- TASK DETAILS:
In the entries below, which lines run from the one containing "#29=VERTEX_POINT('',#28);" to the one containing "#65=SURFACE_OF_LINEAR_EXTRUSION('',#62,#64);"? Copy exactly those lines, ends included, and no others.

#### EXCERPTED RECORDS

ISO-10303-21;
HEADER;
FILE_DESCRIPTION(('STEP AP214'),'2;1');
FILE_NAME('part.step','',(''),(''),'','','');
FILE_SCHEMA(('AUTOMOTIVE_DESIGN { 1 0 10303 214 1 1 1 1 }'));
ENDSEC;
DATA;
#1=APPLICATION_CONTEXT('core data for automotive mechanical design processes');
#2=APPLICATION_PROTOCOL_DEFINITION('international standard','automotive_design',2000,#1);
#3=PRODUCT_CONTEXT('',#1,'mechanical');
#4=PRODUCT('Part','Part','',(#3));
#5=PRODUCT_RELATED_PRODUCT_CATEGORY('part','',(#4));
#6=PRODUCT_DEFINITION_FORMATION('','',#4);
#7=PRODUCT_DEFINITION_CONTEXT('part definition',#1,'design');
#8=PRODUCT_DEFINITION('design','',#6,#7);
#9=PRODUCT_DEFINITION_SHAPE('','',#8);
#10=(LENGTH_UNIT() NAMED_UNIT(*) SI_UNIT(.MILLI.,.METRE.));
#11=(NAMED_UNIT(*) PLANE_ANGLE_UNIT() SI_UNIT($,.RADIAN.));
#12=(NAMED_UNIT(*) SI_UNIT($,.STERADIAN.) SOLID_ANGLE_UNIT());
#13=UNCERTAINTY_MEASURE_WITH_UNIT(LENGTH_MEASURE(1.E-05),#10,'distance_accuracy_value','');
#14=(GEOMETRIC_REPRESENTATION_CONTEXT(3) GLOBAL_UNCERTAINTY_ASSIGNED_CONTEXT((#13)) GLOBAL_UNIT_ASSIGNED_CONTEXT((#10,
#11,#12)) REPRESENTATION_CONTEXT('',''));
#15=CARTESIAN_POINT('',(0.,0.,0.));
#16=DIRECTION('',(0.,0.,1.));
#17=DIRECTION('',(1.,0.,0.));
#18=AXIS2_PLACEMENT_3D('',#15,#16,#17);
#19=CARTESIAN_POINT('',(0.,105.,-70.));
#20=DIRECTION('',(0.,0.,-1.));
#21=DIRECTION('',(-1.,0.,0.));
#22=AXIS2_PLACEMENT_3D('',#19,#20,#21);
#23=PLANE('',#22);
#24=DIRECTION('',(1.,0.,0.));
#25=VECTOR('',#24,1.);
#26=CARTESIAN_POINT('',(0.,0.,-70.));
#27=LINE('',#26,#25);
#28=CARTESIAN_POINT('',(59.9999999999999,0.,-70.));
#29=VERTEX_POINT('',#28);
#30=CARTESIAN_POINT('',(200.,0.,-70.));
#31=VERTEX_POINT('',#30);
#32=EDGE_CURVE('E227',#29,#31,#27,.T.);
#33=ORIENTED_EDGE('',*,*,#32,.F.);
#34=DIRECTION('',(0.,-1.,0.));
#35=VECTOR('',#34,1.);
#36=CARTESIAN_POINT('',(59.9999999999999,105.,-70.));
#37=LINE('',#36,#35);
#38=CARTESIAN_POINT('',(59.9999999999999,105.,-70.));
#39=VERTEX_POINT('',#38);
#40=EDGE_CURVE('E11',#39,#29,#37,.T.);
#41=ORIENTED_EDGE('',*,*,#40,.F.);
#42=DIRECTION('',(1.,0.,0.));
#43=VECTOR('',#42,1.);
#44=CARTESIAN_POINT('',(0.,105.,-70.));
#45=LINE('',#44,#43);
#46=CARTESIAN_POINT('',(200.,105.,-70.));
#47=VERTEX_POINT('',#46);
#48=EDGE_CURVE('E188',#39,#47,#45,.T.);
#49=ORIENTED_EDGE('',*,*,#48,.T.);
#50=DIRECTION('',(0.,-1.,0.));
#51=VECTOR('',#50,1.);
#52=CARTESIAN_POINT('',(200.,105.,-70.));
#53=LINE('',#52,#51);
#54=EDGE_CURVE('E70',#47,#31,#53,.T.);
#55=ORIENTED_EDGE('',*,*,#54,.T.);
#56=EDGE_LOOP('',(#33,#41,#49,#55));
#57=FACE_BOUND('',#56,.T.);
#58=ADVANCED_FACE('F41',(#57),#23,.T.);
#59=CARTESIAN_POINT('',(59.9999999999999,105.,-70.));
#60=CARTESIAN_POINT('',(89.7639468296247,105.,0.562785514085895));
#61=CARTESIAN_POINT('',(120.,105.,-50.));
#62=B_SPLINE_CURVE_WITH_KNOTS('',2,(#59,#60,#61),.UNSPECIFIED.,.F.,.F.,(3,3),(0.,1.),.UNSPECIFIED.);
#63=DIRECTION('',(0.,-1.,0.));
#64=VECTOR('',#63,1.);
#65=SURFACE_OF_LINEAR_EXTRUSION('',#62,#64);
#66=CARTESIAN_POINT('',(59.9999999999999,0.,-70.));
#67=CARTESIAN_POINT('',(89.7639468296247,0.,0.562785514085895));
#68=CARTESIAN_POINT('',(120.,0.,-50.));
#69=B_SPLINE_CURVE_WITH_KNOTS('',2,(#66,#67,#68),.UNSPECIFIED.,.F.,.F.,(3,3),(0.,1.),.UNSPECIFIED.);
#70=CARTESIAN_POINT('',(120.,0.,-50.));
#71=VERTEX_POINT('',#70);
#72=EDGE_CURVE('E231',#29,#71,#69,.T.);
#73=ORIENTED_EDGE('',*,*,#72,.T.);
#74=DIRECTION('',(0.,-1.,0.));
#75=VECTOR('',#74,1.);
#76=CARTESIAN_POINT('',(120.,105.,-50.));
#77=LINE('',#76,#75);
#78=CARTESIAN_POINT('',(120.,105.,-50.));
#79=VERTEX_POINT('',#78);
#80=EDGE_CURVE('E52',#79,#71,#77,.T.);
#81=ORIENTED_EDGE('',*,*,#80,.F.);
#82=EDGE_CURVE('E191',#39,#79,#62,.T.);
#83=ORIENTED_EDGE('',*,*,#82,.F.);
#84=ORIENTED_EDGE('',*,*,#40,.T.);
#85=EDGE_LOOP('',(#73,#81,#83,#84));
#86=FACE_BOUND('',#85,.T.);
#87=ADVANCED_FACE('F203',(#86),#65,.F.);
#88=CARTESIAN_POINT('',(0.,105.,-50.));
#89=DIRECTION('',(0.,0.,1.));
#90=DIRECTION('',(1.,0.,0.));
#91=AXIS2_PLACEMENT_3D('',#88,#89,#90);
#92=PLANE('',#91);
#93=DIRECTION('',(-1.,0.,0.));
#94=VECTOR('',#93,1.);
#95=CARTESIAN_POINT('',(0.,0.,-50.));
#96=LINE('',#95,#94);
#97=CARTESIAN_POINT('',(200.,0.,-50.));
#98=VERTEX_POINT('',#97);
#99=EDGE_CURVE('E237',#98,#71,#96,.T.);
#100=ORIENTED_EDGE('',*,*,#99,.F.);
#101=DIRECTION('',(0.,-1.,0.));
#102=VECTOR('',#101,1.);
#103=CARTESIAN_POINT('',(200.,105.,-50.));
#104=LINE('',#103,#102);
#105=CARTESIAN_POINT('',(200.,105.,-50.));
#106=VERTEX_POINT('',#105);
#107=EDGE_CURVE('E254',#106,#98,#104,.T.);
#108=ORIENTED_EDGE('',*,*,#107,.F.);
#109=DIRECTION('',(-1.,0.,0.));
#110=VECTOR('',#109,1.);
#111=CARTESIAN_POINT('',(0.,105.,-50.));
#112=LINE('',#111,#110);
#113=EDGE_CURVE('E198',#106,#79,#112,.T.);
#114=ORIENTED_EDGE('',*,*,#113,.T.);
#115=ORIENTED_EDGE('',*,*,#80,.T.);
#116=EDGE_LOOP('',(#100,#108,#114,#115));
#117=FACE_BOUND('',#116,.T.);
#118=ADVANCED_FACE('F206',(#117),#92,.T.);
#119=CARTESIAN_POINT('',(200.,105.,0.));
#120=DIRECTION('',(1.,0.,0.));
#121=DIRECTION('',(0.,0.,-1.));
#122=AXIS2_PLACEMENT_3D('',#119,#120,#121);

########

- ANSWER TO THIS EXERCISE:
#29=VERTEX_POINT('',#28);
#30=CARTESIAN_POINT('',(200.,0.,-70.));
#31=VERTEX_POINT('',#30);
#32=EDGE_CURVE('E227',#29,#31,#27,.T.);
#33=ORIENTED_EDGE('',*,*,#32,.F.);
#34=DIRECTION('',(0.,-1.,0.));
#35=VECTOR('',#34,1.);
#36=CARTESIAN_POINT('',(59.9999999999999,105.,-70.));
#37=LINE('',#36,#35);
#38=CARTESIAN_POINT('',(59.9999999999999,105.,-70.));
#39=VERTEX_POINT('',#38);
#40=EDGE_CURVE('E11',#39,#29,#37,.T.);
#41=ORIENTED_EDGE('',*,*,#40,.F.);
#42=DIRECTION('',(1.,0.,0.));
#43=VECTOR('',#42,1.);
#44=CARTESIAN_POINT('',(0.,105.,-70.));
#45=LINE('',#44,#43);
#46=CARTESIAN_POINT('',(200.,105.,-70.));
#47=VERTEX_POINT('',#46);
#48=EDGE_CURVE('E188',#39,#47,#45,.T.);
#49=ORIENTED_EDGE('',*,*,#48,.T.);
#50=DIRECTION('',(0.,-1.,0.));
#51=VECTOR('',#50,1.);
#52=CARTESIAN_POINT('',(200.,105.,-70.));
#53=LINE('',#52,#51);
#54=EDGE_CURVE('E70',#47,#31,#53,.T.);
#55=ORIENTED_EDGE('',*,*,#54,.T.);
#56=EDGE_LOOP('',(#33,#41,#49,#55));
#57=FACE_BOUND('',#56,.T.);
#58=ADVANCED_FACE('F41',(#57),#23,.T.);
#59=CARTESIAN_POINT('',(59.9999999999999,105.,-70.));
#60=CARTESIAN_POINT('',(89.7639468296247,105.,0.562785514085895));
#61=CARTESIAN_POINT('',(120.,105.,-50.));
#62=B_SPLINE_CURVE_WITH_KNOTS('',2,(#59,#60,#61),.UNSPECIFIED.,.F.,.F.,(3,3),(0.,1.),.UNSPECIFIED.);
#63=DIRECTION('',(0.,-1.,0.));
#64=VECTOR('',#63,1.);
#65=SURFACE_OF_LINEAR_EXTRUSION('',#62,#64);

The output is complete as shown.